Of all the lines in the entries below, give again exactly those starting at the line containing "distance of L14 L16" and ending at the line containing "of L25.end L26.end", both ends included, and no others.

==== INPUT RECORDS ====

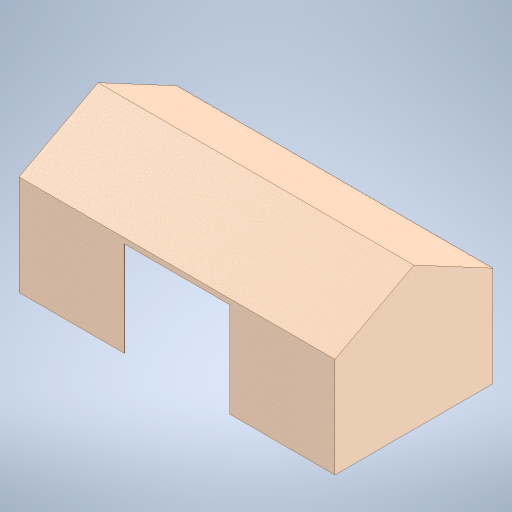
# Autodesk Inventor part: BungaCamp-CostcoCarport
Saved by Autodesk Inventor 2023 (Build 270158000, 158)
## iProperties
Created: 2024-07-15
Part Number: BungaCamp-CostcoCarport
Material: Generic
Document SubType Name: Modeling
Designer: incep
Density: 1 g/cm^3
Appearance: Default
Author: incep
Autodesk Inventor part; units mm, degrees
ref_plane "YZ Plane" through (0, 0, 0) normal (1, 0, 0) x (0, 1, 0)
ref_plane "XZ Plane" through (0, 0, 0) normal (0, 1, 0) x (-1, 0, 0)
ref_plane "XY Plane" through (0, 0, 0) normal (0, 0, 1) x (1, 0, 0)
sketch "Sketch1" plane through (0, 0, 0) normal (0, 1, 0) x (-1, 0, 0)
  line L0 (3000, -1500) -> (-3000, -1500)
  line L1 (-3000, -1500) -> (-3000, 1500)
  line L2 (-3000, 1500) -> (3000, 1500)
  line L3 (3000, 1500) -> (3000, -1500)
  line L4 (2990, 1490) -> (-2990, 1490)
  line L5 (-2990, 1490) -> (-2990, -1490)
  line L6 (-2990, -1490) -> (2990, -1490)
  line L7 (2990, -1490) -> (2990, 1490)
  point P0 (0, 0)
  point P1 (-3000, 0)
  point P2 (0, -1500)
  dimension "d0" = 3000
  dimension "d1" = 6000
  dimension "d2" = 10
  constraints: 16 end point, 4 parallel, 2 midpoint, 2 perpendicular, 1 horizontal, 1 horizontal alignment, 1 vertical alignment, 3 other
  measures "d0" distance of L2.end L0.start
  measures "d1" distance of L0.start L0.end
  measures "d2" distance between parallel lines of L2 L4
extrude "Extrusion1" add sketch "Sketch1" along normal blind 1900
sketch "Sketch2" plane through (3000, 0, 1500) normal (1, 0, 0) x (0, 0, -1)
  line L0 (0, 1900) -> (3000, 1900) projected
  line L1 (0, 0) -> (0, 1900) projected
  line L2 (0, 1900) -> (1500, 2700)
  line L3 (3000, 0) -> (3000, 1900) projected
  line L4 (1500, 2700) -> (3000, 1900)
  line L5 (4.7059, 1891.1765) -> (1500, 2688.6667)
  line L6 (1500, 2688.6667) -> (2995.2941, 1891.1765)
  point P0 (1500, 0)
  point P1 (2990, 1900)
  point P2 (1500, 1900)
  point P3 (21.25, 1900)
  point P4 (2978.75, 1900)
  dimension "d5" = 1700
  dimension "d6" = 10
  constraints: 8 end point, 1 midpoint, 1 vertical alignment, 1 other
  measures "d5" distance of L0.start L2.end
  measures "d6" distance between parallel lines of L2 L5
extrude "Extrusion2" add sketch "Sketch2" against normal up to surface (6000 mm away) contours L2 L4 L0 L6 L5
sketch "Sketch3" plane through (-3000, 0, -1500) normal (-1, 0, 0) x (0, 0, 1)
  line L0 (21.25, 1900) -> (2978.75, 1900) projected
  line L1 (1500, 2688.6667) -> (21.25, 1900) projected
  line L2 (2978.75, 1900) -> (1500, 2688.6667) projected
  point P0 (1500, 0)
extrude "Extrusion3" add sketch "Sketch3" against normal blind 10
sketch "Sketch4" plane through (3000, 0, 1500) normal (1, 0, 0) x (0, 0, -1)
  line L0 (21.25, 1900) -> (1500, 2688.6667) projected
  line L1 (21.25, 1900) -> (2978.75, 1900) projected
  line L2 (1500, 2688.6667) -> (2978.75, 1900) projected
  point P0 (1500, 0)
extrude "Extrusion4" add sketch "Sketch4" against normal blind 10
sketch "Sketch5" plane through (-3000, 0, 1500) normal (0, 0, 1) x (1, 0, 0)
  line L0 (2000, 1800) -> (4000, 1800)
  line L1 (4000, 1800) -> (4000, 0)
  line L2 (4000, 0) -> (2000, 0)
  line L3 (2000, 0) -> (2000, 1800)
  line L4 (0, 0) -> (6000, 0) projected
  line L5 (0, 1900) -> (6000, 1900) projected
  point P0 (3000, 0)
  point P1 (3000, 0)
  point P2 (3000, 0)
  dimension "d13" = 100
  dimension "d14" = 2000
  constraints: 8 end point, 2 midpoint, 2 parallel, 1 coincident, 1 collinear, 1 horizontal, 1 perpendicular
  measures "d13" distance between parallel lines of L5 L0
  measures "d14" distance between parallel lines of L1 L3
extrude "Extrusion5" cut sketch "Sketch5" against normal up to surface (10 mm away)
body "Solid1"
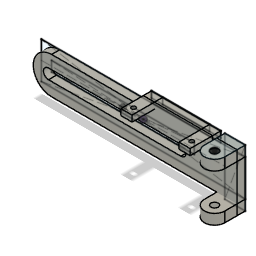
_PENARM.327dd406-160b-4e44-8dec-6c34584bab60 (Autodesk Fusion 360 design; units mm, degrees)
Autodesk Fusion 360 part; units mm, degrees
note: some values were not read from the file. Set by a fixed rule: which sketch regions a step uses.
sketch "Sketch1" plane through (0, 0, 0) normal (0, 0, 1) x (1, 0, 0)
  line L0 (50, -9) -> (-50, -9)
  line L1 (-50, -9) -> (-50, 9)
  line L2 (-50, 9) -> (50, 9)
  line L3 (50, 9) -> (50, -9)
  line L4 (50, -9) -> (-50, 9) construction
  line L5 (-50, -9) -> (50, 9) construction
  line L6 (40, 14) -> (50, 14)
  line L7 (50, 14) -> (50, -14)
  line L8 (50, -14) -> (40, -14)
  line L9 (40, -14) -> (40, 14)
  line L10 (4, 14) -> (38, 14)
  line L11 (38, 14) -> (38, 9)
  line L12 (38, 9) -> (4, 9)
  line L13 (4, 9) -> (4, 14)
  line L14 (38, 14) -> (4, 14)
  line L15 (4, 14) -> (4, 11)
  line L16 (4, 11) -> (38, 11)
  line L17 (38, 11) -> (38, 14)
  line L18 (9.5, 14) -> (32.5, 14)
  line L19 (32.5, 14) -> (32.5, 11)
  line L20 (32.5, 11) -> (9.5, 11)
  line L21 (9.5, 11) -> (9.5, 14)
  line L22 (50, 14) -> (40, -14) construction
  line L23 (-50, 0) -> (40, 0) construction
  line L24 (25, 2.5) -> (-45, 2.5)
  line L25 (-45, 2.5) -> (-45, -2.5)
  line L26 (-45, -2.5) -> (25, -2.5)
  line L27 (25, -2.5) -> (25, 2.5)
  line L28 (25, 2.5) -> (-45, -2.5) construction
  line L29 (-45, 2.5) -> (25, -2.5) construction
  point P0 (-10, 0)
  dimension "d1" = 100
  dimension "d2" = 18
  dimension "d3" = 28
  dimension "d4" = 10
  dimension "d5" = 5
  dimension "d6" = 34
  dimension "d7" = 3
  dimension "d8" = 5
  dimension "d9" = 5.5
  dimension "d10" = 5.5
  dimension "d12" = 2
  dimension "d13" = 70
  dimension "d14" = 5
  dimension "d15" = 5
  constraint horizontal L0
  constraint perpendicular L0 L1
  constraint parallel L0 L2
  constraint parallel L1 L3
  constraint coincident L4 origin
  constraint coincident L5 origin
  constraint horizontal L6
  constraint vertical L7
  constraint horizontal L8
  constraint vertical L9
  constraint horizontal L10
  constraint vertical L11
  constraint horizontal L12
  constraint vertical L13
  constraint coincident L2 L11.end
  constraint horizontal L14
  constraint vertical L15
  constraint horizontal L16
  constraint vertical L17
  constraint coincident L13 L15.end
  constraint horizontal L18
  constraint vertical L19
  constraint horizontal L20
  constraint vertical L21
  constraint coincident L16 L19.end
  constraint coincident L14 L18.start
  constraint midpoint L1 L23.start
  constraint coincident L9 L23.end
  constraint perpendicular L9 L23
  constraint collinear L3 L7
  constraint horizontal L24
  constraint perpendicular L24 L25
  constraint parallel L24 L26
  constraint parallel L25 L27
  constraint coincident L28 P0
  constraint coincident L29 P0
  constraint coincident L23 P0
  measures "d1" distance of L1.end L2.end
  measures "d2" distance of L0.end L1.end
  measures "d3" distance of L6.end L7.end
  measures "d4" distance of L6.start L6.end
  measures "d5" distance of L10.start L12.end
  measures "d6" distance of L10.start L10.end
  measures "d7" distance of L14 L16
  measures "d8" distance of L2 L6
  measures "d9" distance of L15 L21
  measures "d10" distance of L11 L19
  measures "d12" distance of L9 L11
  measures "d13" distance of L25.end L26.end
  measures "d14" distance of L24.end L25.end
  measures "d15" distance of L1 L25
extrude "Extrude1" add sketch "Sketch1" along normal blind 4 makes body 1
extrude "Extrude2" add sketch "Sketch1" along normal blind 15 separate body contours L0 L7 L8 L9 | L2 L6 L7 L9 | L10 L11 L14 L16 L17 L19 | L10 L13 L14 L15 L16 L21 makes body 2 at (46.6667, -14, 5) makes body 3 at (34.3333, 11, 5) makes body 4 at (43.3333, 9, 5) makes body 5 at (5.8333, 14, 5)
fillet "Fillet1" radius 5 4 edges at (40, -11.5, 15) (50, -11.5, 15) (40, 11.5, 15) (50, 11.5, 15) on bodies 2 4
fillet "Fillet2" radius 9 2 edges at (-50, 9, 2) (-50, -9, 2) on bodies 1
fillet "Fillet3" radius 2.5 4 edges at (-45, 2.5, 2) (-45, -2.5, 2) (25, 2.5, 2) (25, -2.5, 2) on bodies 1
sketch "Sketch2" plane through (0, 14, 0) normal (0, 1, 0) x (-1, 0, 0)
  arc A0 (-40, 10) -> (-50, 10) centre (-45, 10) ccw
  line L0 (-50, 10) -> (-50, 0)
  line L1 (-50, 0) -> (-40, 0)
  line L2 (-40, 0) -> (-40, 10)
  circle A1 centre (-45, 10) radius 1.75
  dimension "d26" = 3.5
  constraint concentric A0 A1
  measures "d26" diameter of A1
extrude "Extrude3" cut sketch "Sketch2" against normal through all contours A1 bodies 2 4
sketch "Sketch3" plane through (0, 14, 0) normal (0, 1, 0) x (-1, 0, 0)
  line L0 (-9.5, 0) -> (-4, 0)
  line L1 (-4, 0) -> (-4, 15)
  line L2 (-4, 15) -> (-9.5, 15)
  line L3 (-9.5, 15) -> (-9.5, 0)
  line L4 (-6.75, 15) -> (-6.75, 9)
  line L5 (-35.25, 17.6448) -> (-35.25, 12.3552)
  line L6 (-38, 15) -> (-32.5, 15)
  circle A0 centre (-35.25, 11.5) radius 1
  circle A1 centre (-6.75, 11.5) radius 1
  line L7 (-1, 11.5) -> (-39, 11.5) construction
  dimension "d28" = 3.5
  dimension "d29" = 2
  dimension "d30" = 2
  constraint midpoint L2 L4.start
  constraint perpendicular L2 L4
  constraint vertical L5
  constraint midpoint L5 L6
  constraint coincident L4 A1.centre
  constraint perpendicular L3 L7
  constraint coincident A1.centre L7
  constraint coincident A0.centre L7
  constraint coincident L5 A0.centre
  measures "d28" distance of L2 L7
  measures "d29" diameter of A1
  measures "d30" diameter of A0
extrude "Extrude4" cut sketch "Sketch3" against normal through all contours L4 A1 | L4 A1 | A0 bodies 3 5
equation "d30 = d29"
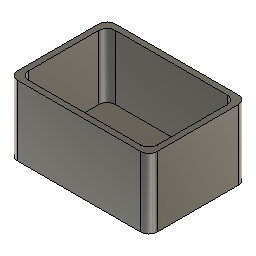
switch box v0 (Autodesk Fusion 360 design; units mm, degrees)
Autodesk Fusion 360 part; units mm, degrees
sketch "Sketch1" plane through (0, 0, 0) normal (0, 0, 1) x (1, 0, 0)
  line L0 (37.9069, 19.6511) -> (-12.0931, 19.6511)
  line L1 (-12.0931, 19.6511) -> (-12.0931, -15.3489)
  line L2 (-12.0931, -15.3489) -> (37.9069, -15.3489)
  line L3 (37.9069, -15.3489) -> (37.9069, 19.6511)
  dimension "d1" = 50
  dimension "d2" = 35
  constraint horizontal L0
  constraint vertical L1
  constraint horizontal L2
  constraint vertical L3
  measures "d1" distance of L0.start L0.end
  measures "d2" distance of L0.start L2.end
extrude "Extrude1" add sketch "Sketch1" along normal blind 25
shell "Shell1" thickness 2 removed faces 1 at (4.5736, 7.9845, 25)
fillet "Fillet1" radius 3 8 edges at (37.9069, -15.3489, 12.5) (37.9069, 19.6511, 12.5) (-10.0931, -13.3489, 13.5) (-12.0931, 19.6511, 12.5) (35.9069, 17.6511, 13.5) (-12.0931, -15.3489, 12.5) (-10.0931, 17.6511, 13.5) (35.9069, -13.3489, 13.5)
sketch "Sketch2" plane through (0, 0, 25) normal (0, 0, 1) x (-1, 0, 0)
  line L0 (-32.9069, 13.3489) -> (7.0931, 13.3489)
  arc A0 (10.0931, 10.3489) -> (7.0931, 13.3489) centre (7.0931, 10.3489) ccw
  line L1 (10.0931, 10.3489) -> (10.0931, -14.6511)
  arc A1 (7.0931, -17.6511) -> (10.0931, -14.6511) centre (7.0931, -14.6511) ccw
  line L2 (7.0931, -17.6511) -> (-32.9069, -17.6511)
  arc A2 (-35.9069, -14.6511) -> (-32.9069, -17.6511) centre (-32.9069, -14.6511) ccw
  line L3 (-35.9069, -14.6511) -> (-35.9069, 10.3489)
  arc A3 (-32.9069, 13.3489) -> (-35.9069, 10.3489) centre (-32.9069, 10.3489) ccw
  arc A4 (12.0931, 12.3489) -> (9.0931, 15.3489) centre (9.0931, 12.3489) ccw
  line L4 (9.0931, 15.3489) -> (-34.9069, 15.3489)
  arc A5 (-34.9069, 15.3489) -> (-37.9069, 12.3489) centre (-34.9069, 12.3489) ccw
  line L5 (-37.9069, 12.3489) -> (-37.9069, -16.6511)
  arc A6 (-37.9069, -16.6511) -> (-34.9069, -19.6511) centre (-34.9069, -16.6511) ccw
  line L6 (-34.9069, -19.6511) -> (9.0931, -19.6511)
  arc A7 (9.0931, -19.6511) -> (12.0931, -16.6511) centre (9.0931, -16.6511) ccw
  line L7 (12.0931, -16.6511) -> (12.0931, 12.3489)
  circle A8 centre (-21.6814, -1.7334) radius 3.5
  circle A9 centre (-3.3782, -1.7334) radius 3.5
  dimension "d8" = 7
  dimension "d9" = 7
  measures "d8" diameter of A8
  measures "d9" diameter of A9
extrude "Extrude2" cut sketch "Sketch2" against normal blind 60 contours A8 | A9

====

**WRITTEN REPLY**
  measures "d7" distance of L14 L16
  measures "d8" distance of L2 L6
  measures "d9" distance of L15 L21
  measures "d10" distance of L11 L19
  measures "d12" distance of L9 L11
  measures "d13" distance of L25.end L26.end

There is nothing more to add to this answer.